I would, however, be perfectly happy talking with John, even arguing, about Jesus. Not about Christology, certainly, but about Jesus. And that's what worries me. Because not trading in cleverness all these years, first as a graduate student, and then as a teacher, has meant that I put a great deal of emphasis on faithfulness to the gospel and on spiritual discipline; I say that it is more important to be faithful than clever, if you are a theologian. It isn't knowing about God that makes good theology; it's knowing God. (It is both, of course, and you can't just have one or the other, as Andrew Louth suggested a great many years ago in an essay about theology and spirituality. And he's another theologian I would place on the top of the smart list.)
 
But do I thereby imply that I know God better than my students or my colleagues? Good heavens, no.

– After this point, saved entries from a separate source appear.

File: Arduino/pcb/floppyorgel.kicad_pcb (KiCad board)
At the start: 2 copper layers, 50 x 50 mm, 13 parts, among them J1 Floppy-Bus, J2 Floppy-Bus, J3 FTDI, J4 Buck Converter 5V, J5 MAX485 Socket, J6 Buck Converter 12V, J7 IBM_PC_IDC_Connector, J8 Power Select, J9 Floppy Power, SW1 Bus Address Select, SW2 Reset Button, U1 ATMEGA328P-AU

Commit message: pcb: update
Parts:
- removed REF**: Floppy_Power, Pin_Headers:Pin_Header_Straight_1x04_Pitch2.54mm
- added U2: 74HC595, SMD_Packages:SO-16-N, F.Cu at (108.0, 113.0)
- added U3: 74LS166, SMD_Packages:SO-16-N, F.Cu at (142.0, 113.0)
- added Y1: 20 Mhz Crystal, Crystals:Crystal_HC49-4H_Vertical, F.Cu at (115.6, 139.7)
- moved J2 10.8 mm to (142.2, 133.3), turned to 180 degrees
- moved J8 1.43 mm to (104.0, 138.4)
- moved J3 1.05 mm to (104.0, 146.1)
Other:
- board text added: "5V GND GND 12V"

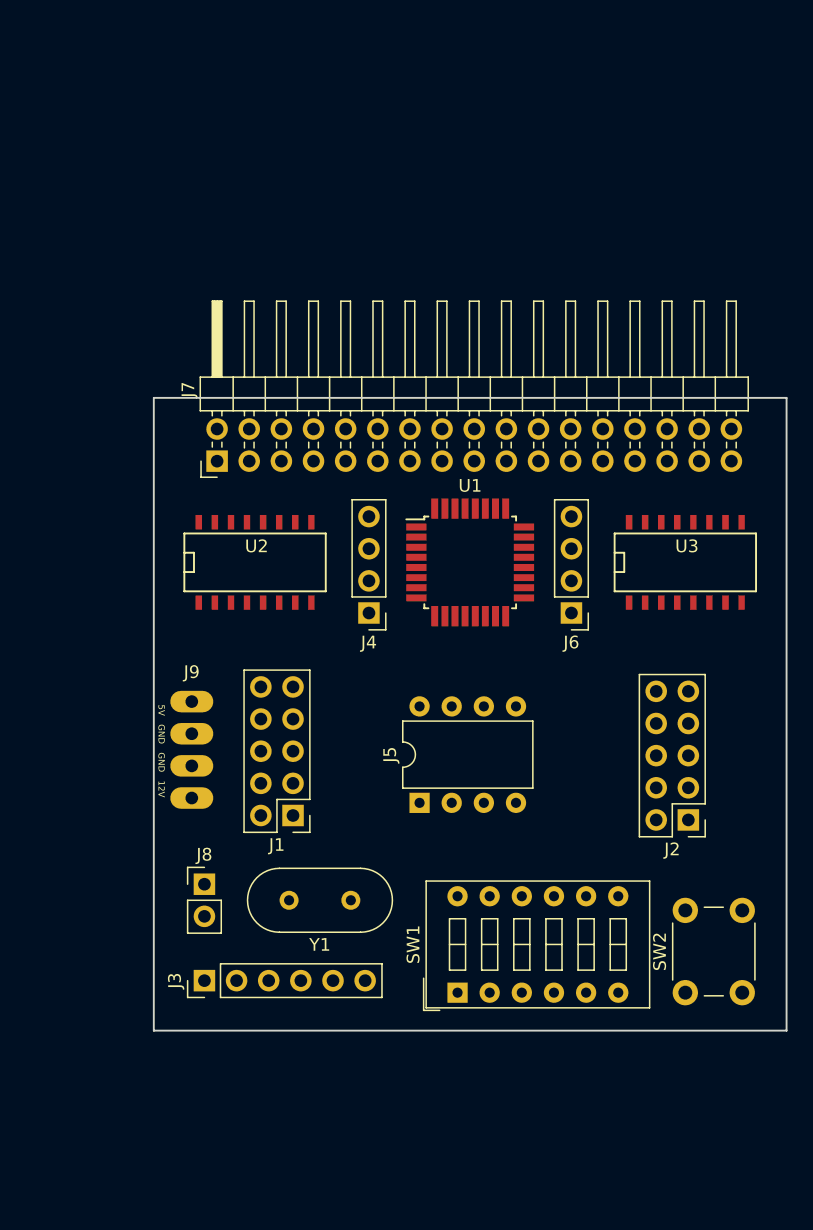
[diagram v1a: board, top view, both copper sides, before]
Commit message: pcb: add I2C eeprom
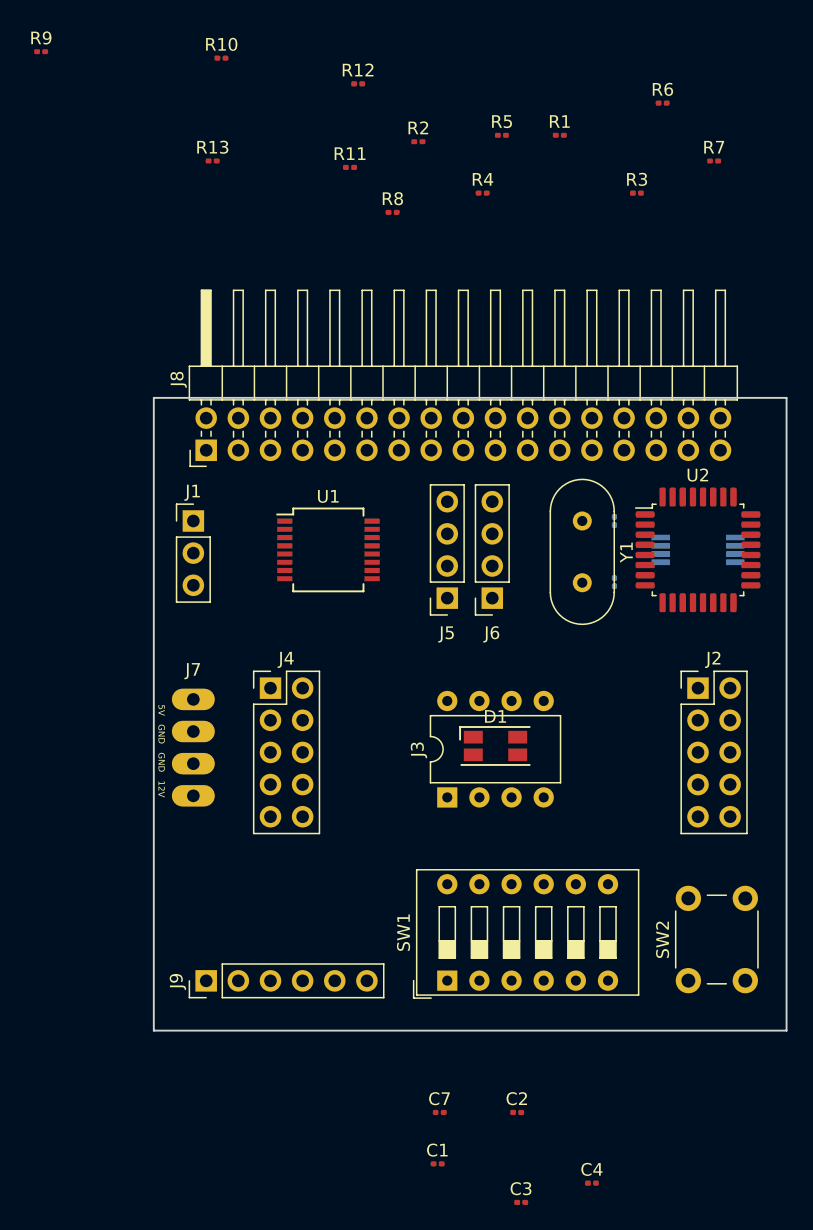
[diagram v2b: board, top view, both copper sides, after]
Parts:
- added C1: 100nF, Capacitor_SMD:C_0201_0603Metric, F.Cu at (122.4, 160.5)
- added C2: 100nF, Capacitor_SMD:C_0201_0603Metric, F.Cu at (128.7, 156.5)
- added C3: 100nF, Capacitor_SMD:C_0201_0603Metric, F.Cu at (129.0, 163.6)
- added C4: 100nF, Capacitor_SMD:C_0201_0603Metric, F.Cu at (134.6, 162.1)
- added C5: 22pF, Capacitor_SMD:C_0201_0603Metric, B.Cu at (136.4, 114.6)
- added C6: 22pF, Capacitor_SMD:C_0201_0603Metric, B.Cu at (136.4, 109.7)
- added C7: 100nF, Capacitor_SMD:C_0201_0603Metric, F.Cu at (122.6, 156.5)
- added D1: WS2812B, LED_SMD:LED_RGB_1210, F.Cu at (127.0, 127.5)
- added R1: 4K7, Capacitor_SMD:C_0201_0603Metric, F.Cu at (132.1, 79.2)
- added R10: 4K7, Capacitor_SMD:C_0201_0603Metric, F.Cu at (105.3, 73.2)
- added R11: 4K7, Capacitor_SMD:C_0201_0603Metric, F.Cu at (115.5, 81.8)
- added R12: 4K7, Capacitor_SMD:C_0201_0603Metric, F.Cu at (116.1, 75.2)
- added R13: 4K7, Capacitor_SMD:C_0201_0603Metric, F.Cu at (104.6, 81.3)
- added R2: 4K7, Capacitor_SMD:C_0201_0603Metric, F.Cu at (120.9, 79.8)
- added R3: 4K7, Capacitor_SMD:C_0201_0603Metric, F.Cu at (138.2, 83.8)
- added R4: 4K7, Capacitor_SMD:C_0201_0603Metric, F.Cu at (126.0, 83.8)
- added R5: 4K7, Capacitor_SMD:C_0201_0603Metric, F.Cu at (127.5, 79.2)
- added R6: 4K7, Capacitor_SMD:C_0201_0603Metric, F.Cu at (140.2, 76.7)
- added R7: 100R, Capacitor_SMD:C_0201_0603Metric, F.Cu at (144.3, 81.3)
- added R8: 100R, Capacitor_SMD:C_0201_0603Metric, F.Cu at (118.9, 85.3)
- added R9: 10K, Capacitor_SMD:C_0201_0603Metric, F.Cu at (91.1, 72.6)
- J1: value Floppy-Bus -> VCC_Power_Select; footprint Pin_Headers:Pin_Header_Straight_2x05_Pitch2.54mm -> Connector_PinHeader_2.54mm:PinHeader_1x03_P2.54mm_Vertical
- J2: footprint Pin_Headers:Pin_Header_Straight_2x05_Pitch2.54mm -> shrouded:Shrouded_Header_2x05_Pitch2.54mm
- J3: value FTDI -> MAX485 Socket; footprint Pin_Headers:Pin_Header_Straight_1x06_Pitch2.54mm -> Package_DIP:DIP-8_W7.62mm
- J4: value Buck Converter 5V -> Floppy-Bus; footprint Pin_Headers:Pin_Header_Straight_1x04_Pitch2.54mm -> shrouded:Shrouded_Header_2x05_Pitch2.54mm
- J5: value MAX485 Socket -> Buck-Converter-5V; footprint Housings_DIP:DIP-8_W7.62mm -> Connector_PinSocket_2.54mm:PinSocket_1x04_P2.54mm_Vertical
- J6: value Buck Converter 12V -> Buck-Converter-12V; footprint Pin_Headers:Pin_Header_Straight_1x04_Pitch2.54mm -> Connector_PinSocket_2.54mm:PinSocket_1x04_P2.54mm_Vertical
- J7: value IBM_PC_IDC_Connector -> Floppy-Power; footprint Pin_Headers:Pin_Header_Angled_2x17_Pitch2.54mm -> floppy_power:Floppy_Power_1x04_Pitch2.54mm
- J8: value Power Select -> IBM_PC_Floppy_IDC; footprint Pin_Headers:Pin_Header_Straight_1x02_Pitch2.54mm -> Connector_PinHeader_2.54mm:PinHeader_2x17_P2.54mm_Horizontal
- J9: value Floppy Power -> FTDI; footprint floppy_power:Pin_Header_Straight_1x04_Pitch2.54mm -> Connector_PinHeader_2.54mm:PinHeader_1x06_P2.54mm_Vertical
- SW1: footprint Buttons_Switches_THT:SW_DIP_x6_W7.62mm_Slide -> Button_Switch_THT:SW_DIP_SPSTx06_Slide_9.78x17.42mm_W7.62mm_P2.54mm
- SW2: footprint Buttons_Switches_THT:SW_PUSH_6mm -> Button_Switch_THT:SW_PUSH_6mm
- U1: value ATMEGA328P-AU -> 4021; footprint Housings_QFP:TQFP-32_7x7mm_Pitch0.8mm -> Package_SO:SSOP-16_5.3x6.2mm_P0.65mm
- U2: value 74HC595 -> ATMEGA328P-AU; footprint SMD_Packages:SO-16-N -> Package_QFP:LQFP-32_7x7mm_P0.8mm
- U3: value 74LS166 -> 24LC64; footprint SMD_Packages:SO-16-N -> Package_SO:TSSOP-8_4.4x3mm_P0.65mm; moved to B.Cu
- Y1: footprint Crystals:Crystal_HC49-4H_Vertical -> Crystal:Crystal_HC49-4H_Vertical
- moved Y1 35.1 mm to (133.9, 109.7), turned to 270 degrees
- moved U2 35.0 mm to (143.0, 112.0)
- moved J8 34.3 mm to (104.1, 104.1), turned to 90 degrees
- moved J1 24.6 mm to (103.1, 109.7), turned to 0 degrees
- moved J3 24.0 mm to (123.2, 131.6)
- moved J9 22.1 mm to (104.1, 146.1), turned to 90 degrees
- moved J7 18.9 mm to (103.1, 123.8), turned to 0 degrees
- moved J5 16.3 mm to (123.2, 115.8), turned to 180 degrees
- moved U1 11.3 mm to (113.8, 112.0)
- moved J2 10.4 mm to (143.0, 122.9), turned to 0 degrees
- moved J4 9.79 mm to (109.2, 122.9), turned to 0 degrees
- moved J6 6.36 mm to (126.7, 115.8)
- moved U3 1.41 mm to (143.0, 112.0), turned to 180 degrees
- moved SW1 1.25 mm to (123.2, 146.1)
- moved SW2 0.98 mm to (142.2, 146.1)
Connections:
- J1 pad 1: Net-(J1-Pad1) -> /5V_ISP
- J1 pad 2: Net-(J1-Pad2) -> VCC
- J1 pad 3: Net-(J1-Pad3) -> /5V_BUS
- J2 pad 1: Net-(J2-Pad1) -> /Bus/BUS_POWER
- J2 pad 3: Net-(J2-Pad3) -> GND
- J2 pad 5: Net-(J2-Pad5) -> (no net)
- J2 pad 6: Net-(J2-Pad6) -> (no net)
- J3 pad 1: Net-(J3-Pad1) -> /MCU/RX
- J3 pad 2: Net-(J3-Pad2) -> GND
- J3 pad 3: Net-(J3-Pad3) -> GND
- J3 pad 4: Net-(J3-Pad4) -> /Bus/RX
- J3 pad 5: Net-(J3-Pad5) -> GND
- J3 pad 6: Net-(J3-Pad6) -> Net-(J2-Pad7)
- J4 pad 1: Net-(J4-Pad1) -> Net-(J2-Pad2)
- J4 pad 2: Net-(J4-Pad2) -> (no net)
- J4 pad 3: Net-(J4-Pad3) -> Net-(J2-Pad4)
- J4 pad 4: Net-(J4-Pad4) -> (no net)
- J5 pad 1: Net-(J5-Pad1) -> /Bus/BUS_POWER
- J5 pad 2: Net-(J5-Pad2) -> /Bus/BUS_POWER
- J5 pad 3: Net-(J5-Pad3) -> GND
- J5 pad 4: Net-(J5-Pad4) -> /5V_BUS
- J6 pad 1: Net-(J6-Pad1) -> /Bus/BUS_POWER
- J6 pad 2: Net-(J6-Pad2) -> /Bus/BUS_POWER
- J6 pad 3: Net-(J6-Pad3) -> GND
- J6 pad 4: Net-(J6-Pad4) -> /Floppy/12V_BUS
- J7 pad 1: Net-(J7-Pad1) -> /5V_BUS
- J7 pad 2: Net-(J7-Pad2) -> GND
- J7 pad 3: Net-(J7-Pad3) -> GND
- J7 pad 4: Net-(J7-Pad4) -> /Floppy/12V_BUS
- J8 pad 1: Net-(J8-Pad1) -> GND
- J8 pad 2: Net-(J8-Pad2) -> (no net)
- J9 pad 1: Net-(J9-Pad1) -> GND
- J9 pad 2: Net-(J9-Pad2) -> (no net)
- J9 pad 3: Net-(J9-Pad3) -> /5V_ISP
- SW1 pad 1: Net-(SW1-Pad1) -> VCC
- SW1 pad 10: Net-(SW1-Pad10) -> Net-(R4-Pad1)
- SW1 pad 11: Net-(SW1-Pad11) -> Net-(R5-Pad1)
- SW1 pad 12: Net-(SW1-Pad12) -> Net-(R6-Pad1)
- SW1 pad 2: Net-(SW1-Pad2) -> VCC
- SW1 pad 3: Net-(SW1-Pad3) -> VCC
- SW1 pad 4: Net-(SW1-Pad4) -> VCC
- SW1 pad 5: Net-(SW1-Pad5) -> VCC
- SW1 pad 6: Net-(SW1-Pad6) -> VCC
- SW1 pad 7: Net-(SW1-Pad7) -> Net-(R1-Pad1)
- SW1 pad 8: Net-(SW1-Pad8) -> Net-(R2-Pad1)
- SW1 pad 9: Net-(SW1-Pad9) -> Net-(R3-Pad1)
- SW2 pad 1: Net-(SW2-Pad1) -> Net-(C4-Pad1)
- U1 pad 1: Net-(U1-Pad1) -> GND
- U1 pad 10: Net-(U1-Pad10) -> /Floppy/SCK
- U1 pad 11: Net-(U1-Pad11) -> GND
- U1 pad 12: Net-(U1-Pad12) -> (no net)
- U1 pad 13: Net-(U1-Pad13) -> Net-(R2-Pad1)
- U1 pad 14: Net-(U1-Pad14) -> Net-(R1-Pad1)
- U1 pad 15: Net-(U1-Pad15) -> GND
- U1 pad 16: Net-(U1-Pad16) -> VCC
- U1 pad 2: Net-(U1-Pad2) -> (no net)
- U1 pad 3: Net-(U1-Pad3) -> /Floppy/MISO
- U1 pad 4: Net-(U1-Pad4) -> Net-(R3-Pad1)
- U1 pad 5: Net-(U1-Pad5) -> Net-(R4-Pad1)
- U1 pad 6: Net-(U1-Pad6) -> Net-(R5-Pad1)
- U1 pad 7: Net-(U1-Pad7) -> Net-(R6-Pad1)
- U1 pad 8: Net-(U1-Pad8) -> GND
- U1 pad 9: Net-(U1-Pad9) -> /Floppy/LATCH_ADDR
- U2 pad 1: Net-(U2-Pad1) -> (no net)
- U2 pad 10: Net-(U2-Pad10) -> (no net)
- U2 pad 11: Net-(U2-Pad11) -> (no net)
- U2 pad 12: Net-(U2-Pad12) -> /Floppy/DRIVE_SELECT
- U2 pad 13: Net-(U2-Pad13) -> /Floppy/DIRECTION
- U2 pad 14: Net-(U2-Pad14) -> /Floppy/STEP
- U2 pad 15: Net-(U2-Pad15) -> (no net)
- U2 pad 16: VCC -> /Floppy/MISO
- U2 pad 2: Net-(U2-Pad2) -> (no net)
- U2 pad 3: Net-(U2-Pad3) -> GND
- U2 pad 4: Net-(U2-Pad4) -> VCC
- U2 pad 5: Net-(U2-Pad5) -> GND
- U2 pad 6: Net-(U2-Pad6) -> VCC
- U2 pad 7: Net-(U2-Pad7) -> Net-(C5-Pad2)
- U2 pad 8: GND -> Net-(C6-Pad1)
- U2 pad 9: Net-(U2-Pad9) -> (no net)
- U3 pad 1: Net-(U3-Pad1) -> GND
- U3 pad 2: Net-(U3-Pad2) -> GND
- U3 pad 3: Net-(U3-Pad3) -> GND
- U3 pad 4: Net-(U3-Pad4) -> GND
- U3 pad 5: Net-(U3-Pad5) -> /MCU/SDA
- U3 pad 6: Net-(U3-Pad6) -> /MCU/SCL
- U3 pad 7: Net-(U3-Pad7) -> GND
- U3 pad 8: GND -> VCC
- Y1 pad 1: Net-(Y1-Pad1) -> Net-(C6-Pad1)
- Y1 pad 2: Net-(Y1-Pad2) -> Net-(C5-Pad2)

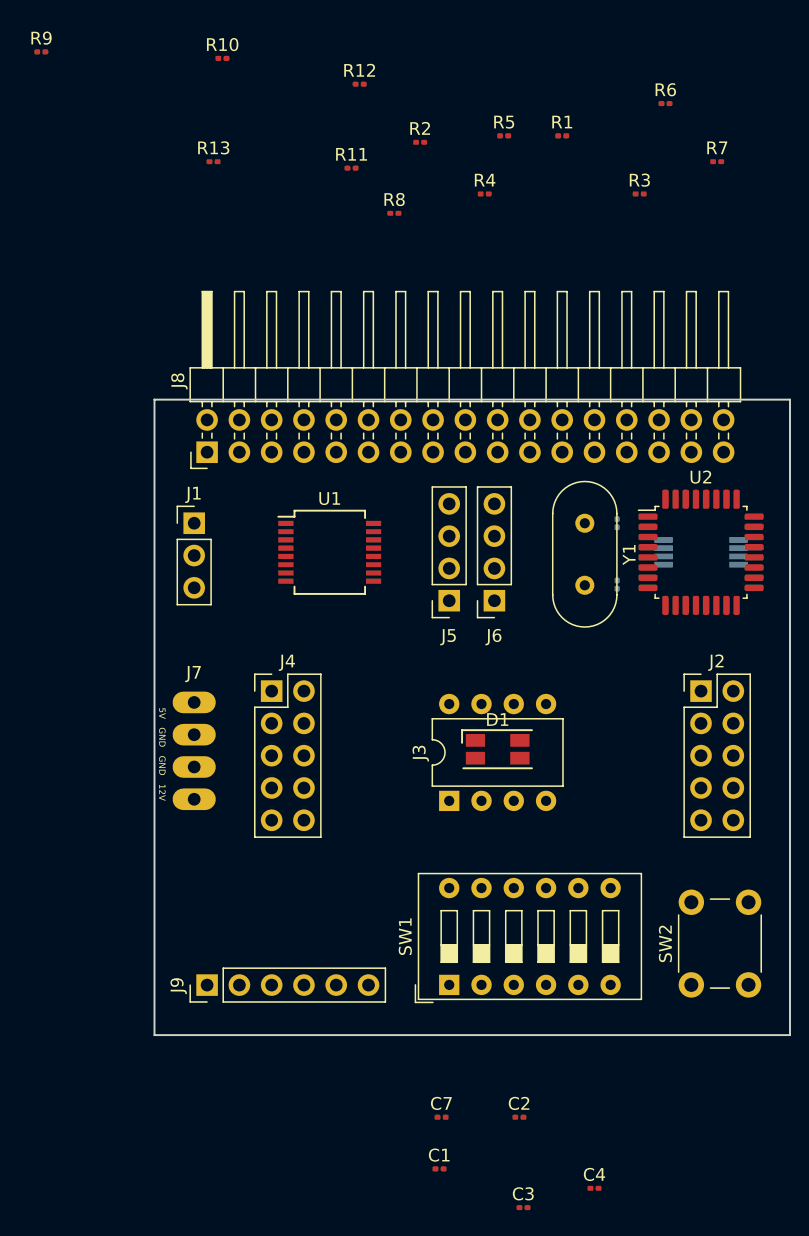
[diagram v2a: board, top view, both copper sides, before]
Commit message: pcb: finished part placement
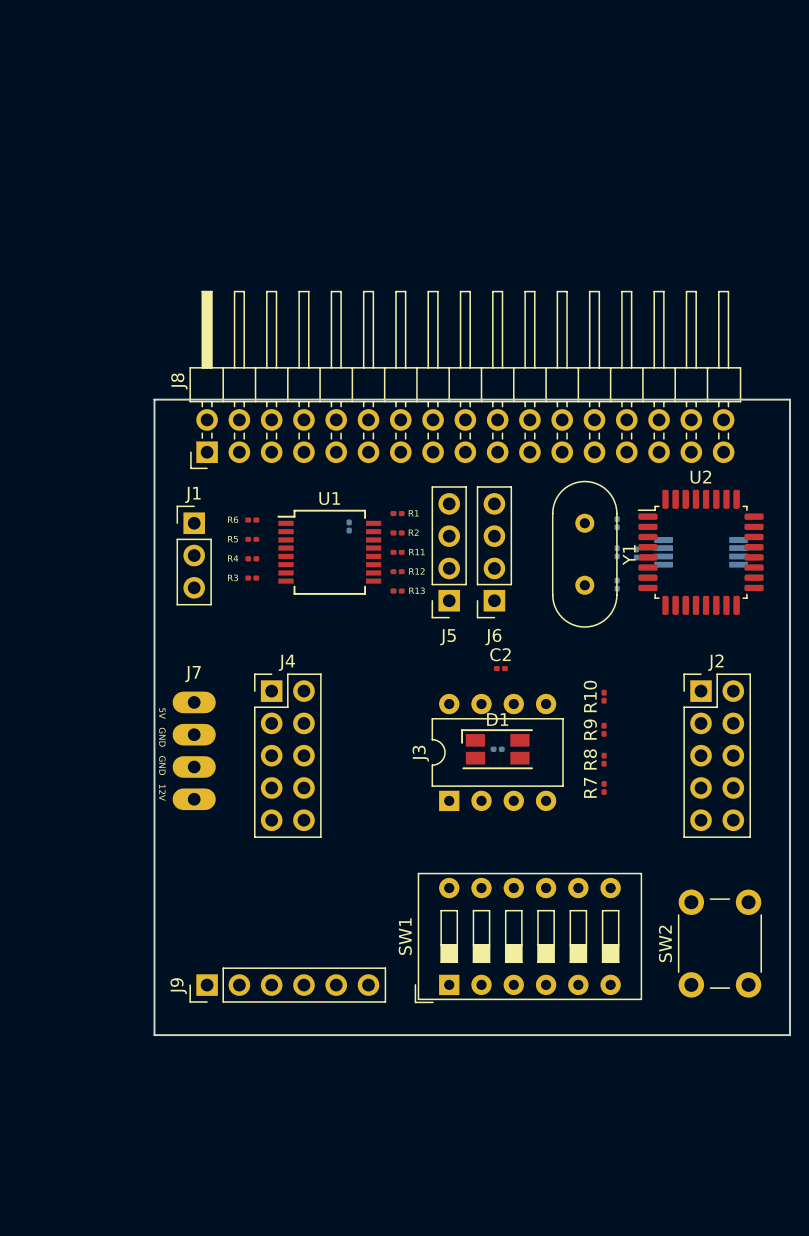
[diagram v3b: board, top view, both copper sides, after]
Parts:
- C1, C3, C4, C7: moved to B.Cu
- moved R9 69.3 mm to (135.4, 126.0), turned to 90 degrees
- moved R10 58.5 mm to (135.4, 123.4), turned to 90 degrees
- moved C1 50.5 mm to (136.4, 112.0), turned to 270 degrees
- moved R7 50.1 mm to (135.4, 130.6), turned to 90 degrees
- moved C4 50.1 mm to (137.9, 112.1), turned to 270 degrees
- moved C7 47.0 mm to (115.3, 110.0), turned to 270 degrees
- moved R6 46.2 mm to (107.7, 109.5)
- moved R8 46.1 mm to (135.4, 128.3), turned to 90 degrees
- moved R3 42.9 mm to (107.7, 114.0)
- moved R12 38.5 mm to (119.1, 113.5)
- moved R5 37.4 mm to (107.7, 111.0), turned to 180 degrees
- moved R13 36.8 mm to (119.1, 115.1)
- moved C3 36.1 mm to (127.0, 127.5)
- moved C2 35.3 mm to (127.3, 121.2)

Teaching theology to people who are training for ministry is an awesome privilege and a serious charge. What qualifies me to stand in front is formal and academic knowledge; it's having practiced talking about the God we all know in particular ways, ways that are faithful to the Bible and the Church's memory of Jesus preserved through the ages in its sacred doctrine. I certainly can make no claim to “know more of God” than my students. Faithfulness is a shared enterprise, and spiritual discipline is for the Church and not solely (or even primarily) for individuals.
 
A lot of the things that worry me are petty, even ridiculous. But not this one. I take Rowan Williams' words to heart. This should worry me. I don't have any formula for getting it right, for teaching sound doctrine intelligently to intelligent people, and simultaneously bearing in mind that it's not all about intelligence; or for bearing in mind that in the classroom faith does actively seek understanding, that the exercise of the intellect is a part of faithful discipleship. It is enough that I worry about it, I think, so long as the 'worry' always becomes 'pray.' This work I do is like the rest of my life before God: possible only by his grace.